Work to be completed - With pictures omitted, copy exactly the lines from the one containing "<attributes>" through the end of the records below.
• • • • • • •
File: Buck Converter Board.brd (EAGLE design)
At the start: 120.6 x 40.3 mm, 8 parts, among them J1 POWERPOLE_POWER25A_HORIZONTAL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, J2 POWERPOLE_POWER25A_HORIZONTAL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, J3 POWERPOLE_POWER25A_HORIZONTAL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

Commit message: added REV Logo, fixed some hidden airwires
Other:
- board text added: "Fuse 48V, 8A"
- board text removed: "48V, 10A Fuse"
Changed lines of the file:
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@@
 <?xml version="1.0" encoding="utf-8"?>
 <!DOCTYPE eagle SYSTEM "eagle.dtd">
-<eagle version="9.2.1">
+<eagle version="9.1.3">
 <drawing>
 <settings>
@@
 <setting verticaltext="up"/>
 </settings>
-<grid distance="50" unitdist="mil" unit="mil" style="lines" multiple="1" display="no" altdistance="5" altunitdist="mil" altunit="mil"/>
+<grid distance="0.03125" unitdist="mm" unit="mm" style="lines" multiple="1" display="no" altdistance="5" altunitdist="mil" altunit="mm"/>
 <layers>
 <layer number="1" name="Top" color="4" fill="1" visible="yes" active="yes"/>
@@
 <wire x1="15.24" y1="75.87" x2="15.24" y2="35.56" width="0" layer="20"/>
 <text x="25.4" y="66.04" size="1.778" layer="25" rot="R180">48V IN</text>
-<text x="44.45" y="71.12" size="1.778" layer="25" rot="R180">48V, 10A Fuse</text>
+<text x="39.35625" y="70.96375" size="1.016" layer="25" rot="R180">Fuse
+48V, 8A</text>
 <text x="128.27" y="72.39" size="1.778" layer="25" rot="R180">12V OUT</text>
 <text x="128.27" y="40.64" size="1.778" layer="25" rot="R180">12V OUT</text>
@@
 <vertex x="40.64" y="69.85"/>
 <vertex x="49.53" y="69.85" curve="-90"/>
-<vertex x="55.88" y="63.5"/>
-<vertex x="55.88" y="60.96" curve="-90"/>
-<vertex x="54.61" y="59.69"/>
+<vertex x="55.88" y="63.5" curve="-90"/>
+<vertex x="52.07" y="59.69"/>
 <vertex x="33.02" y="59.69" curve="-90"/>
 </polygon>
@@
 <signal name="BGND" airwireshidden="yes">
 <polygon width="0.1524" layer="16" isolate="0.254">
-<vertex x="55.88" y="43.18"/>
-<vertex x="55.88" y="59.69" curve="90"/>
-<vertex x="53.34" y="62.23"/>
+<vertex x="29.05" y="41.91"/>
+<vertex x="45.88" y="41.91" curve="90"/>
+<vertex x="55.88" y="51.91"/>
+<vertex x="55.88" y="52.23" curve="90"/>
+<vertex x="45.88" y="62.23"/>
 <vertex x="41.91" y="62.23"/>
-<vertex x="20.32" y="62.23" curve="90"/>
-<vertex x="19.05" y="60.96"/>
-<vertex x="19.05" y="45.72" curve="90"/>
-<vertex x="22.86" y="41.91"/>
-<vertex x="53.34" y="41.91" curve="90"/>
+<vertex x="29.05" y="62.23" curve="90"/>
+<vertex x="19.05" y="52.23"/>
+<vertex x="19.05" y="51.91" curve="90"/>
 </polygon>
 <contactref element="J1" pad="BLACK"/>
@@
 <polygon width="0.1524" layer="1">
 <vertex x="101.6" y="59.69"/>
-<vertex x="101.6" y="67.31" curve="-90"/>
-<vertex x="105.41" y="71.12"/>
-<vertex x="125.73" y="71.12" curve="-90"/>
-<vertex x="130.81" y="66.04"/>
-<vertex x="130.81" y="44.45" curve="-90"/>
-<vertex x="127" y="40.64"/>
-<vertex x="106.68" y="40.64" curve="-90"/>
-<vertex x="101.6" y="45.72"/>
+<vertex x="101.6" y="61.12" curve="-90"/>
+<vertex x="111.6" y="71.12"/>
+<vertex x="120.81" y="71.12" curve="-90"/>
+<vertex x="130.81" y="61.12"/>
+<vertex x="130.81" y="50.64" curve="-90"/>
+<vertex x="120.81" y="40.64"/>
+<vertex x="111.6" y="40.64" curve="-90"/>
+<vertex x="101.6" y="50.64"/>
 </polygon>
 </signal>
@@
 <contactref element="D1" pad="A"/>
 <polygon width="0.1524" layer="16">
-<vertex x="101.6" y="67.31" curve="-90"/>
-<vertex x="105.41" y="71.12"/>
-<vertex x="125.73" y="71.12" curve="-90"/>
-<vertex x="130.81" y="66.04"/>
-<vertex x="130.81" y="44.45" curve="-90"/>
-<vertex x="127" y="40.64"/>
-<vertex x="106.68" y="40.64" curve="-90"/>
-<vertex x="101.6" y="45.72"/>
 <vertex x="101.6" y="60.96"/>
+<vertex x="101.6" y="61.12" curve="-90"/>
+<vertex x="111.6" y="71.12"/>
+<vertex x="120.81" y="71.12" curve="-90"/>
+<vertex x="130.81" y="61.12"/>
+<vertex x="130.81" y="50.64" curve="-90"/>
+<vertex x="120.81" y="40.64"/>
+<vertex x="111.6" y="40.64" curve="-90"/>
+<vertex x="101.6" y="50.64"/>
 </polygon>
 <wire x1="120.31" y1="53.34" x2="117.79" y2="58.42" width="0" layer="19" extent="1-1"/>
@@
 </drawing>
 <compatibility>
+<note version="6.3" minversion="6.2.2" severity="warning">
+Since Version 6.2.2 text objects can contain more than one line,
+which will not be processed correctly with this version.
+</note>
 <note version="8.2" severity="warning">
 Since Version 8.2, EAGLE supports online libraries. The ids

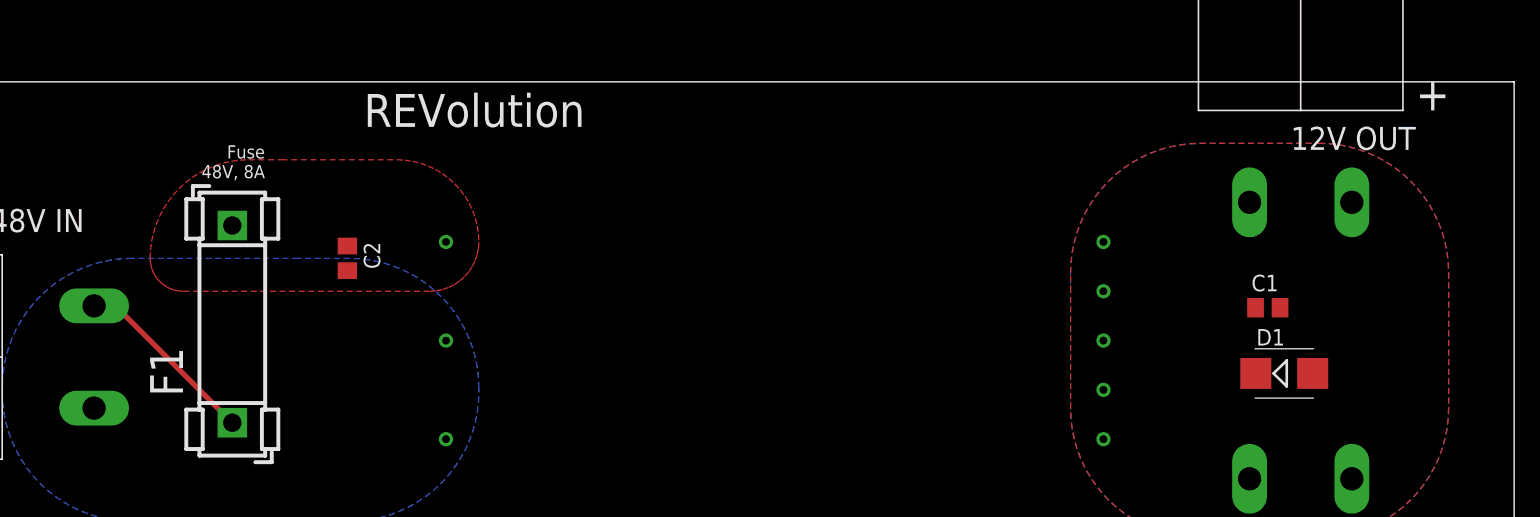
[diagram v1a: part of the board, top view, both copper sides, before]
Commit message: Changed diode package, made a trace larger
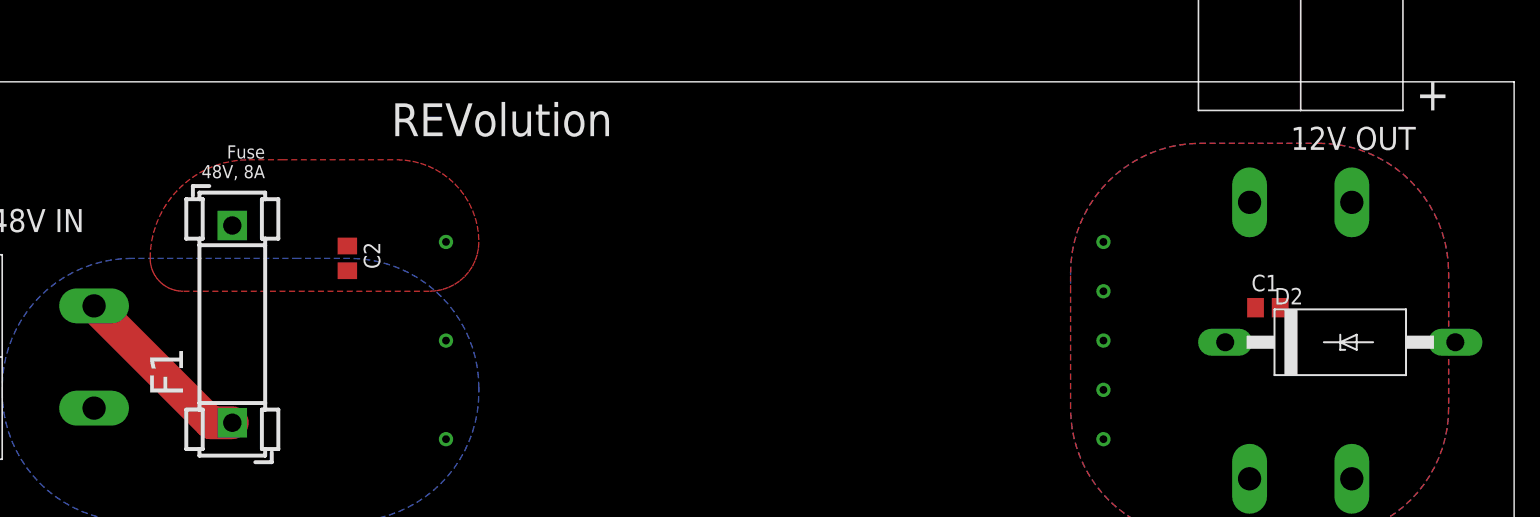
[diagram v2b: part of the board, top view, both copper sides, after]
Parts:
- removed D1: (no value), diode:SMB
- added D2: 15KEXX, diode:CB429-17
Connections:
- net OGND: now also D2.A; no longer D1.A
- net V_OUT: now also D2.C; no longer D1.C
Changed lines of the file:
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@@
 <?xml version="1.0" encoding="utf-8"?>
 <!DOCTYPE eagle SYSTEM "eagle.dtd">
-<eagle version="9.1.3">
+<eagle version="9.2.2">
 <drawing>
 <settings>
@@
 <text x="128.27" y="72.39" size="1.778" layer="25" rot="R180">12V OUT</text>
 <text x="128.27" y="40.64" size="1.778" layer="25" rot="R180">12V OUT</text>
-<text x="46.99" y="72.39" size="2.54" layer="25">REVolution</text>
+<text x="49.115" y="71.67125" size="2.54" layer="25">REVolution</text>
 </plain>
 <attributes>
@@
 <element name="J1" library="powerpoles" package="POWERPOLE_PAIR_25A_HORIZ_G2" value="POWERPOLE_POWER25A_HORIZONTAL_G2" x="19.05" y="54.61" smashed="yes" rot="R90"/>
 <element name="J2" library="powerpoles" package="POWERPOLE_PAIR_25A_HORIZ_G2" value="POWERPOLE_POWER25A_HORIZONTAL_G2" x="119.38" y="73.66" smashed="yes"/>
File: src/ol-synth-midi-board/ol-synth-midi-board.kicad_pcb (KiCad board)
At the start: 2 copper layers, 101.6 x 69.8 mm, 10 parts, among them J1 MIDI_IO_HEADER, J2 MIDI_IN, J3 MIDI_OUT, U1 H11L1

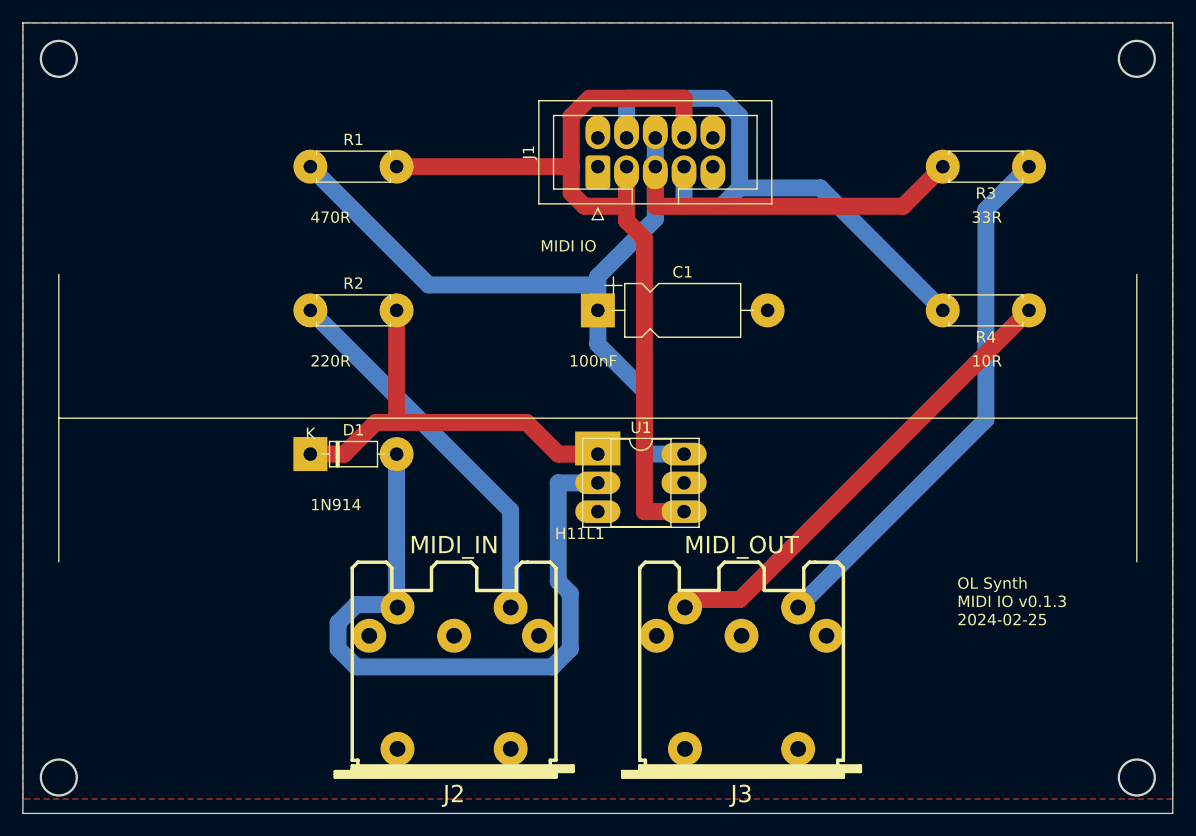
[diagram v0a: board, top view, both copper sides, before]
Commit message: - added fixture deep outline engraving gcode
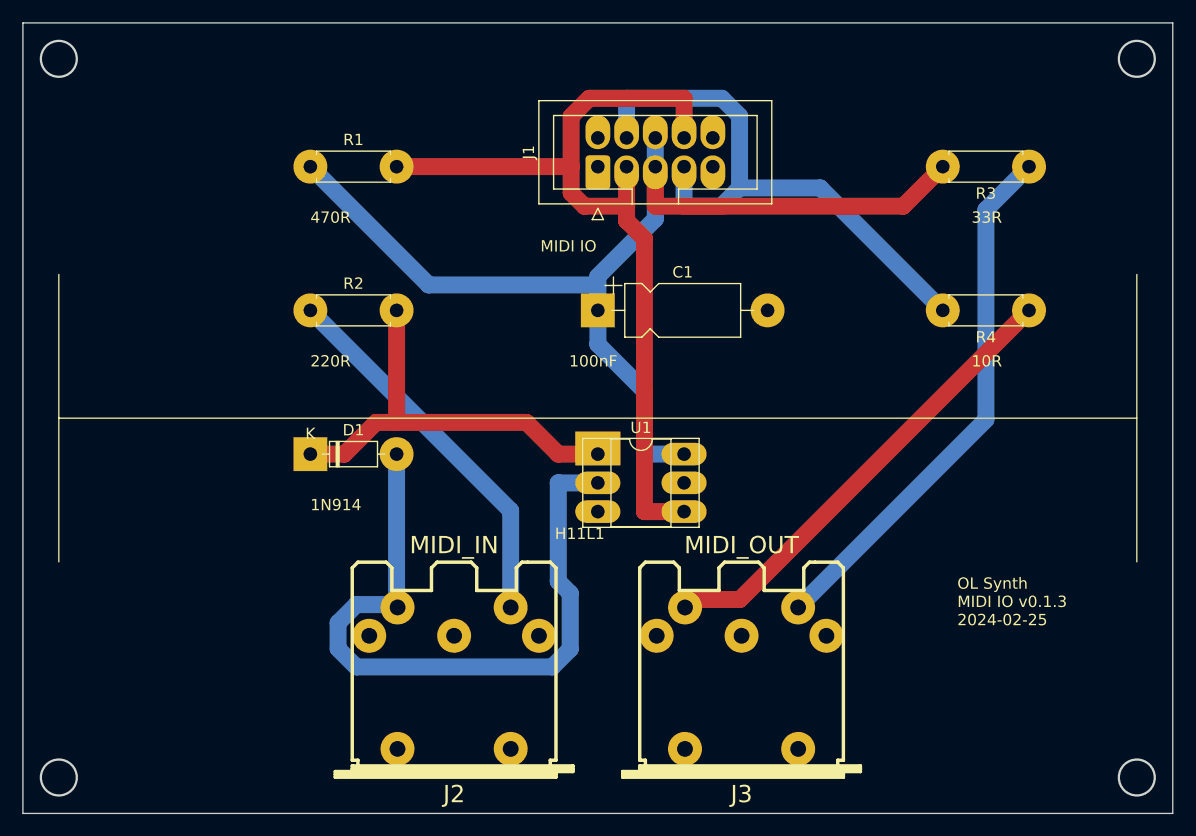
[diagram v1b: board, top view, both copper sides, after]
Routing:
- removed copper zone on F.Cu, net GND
• • • • • • •
Response area -
 <attributes>
@@
 <element name="J1" library="powerpoles" package="POWERPOLE_PAIR_25A_HORIZ_G2" value="POWERPOLE_POWER25A_HORIZONTAL_G2" x="19.05" y="54.61" smashed="yes" rot="R90"/>
 <element name="J2" library="powerpoles" package="POWERPOLE_PAIR_25A_HORIZ_G2" value="POWERPOLE_POWER25A_HORIZONTAL_G2" x="119.38" y="73.66" smashed="yes"/>
File: src/ol-synth-midi-board/ol-synth-midi-board.kicad_pcb (KiCad board)
At the start: 2 copper layers, 101.6 x 69.8 mm, 10 parts, among them J1 MIDI_IO_HEADER, J2 MIDI_IN, J3 MIDI_OUT, U1 H11L1

[diagram v0a: board, top view, both copper sides, before]
Commit message: - added fixture deep outline engraving gcode
[diagram v1b: board, top view, both copper sides, after]
Routing:
- removed copper zone on F.Cu, net GND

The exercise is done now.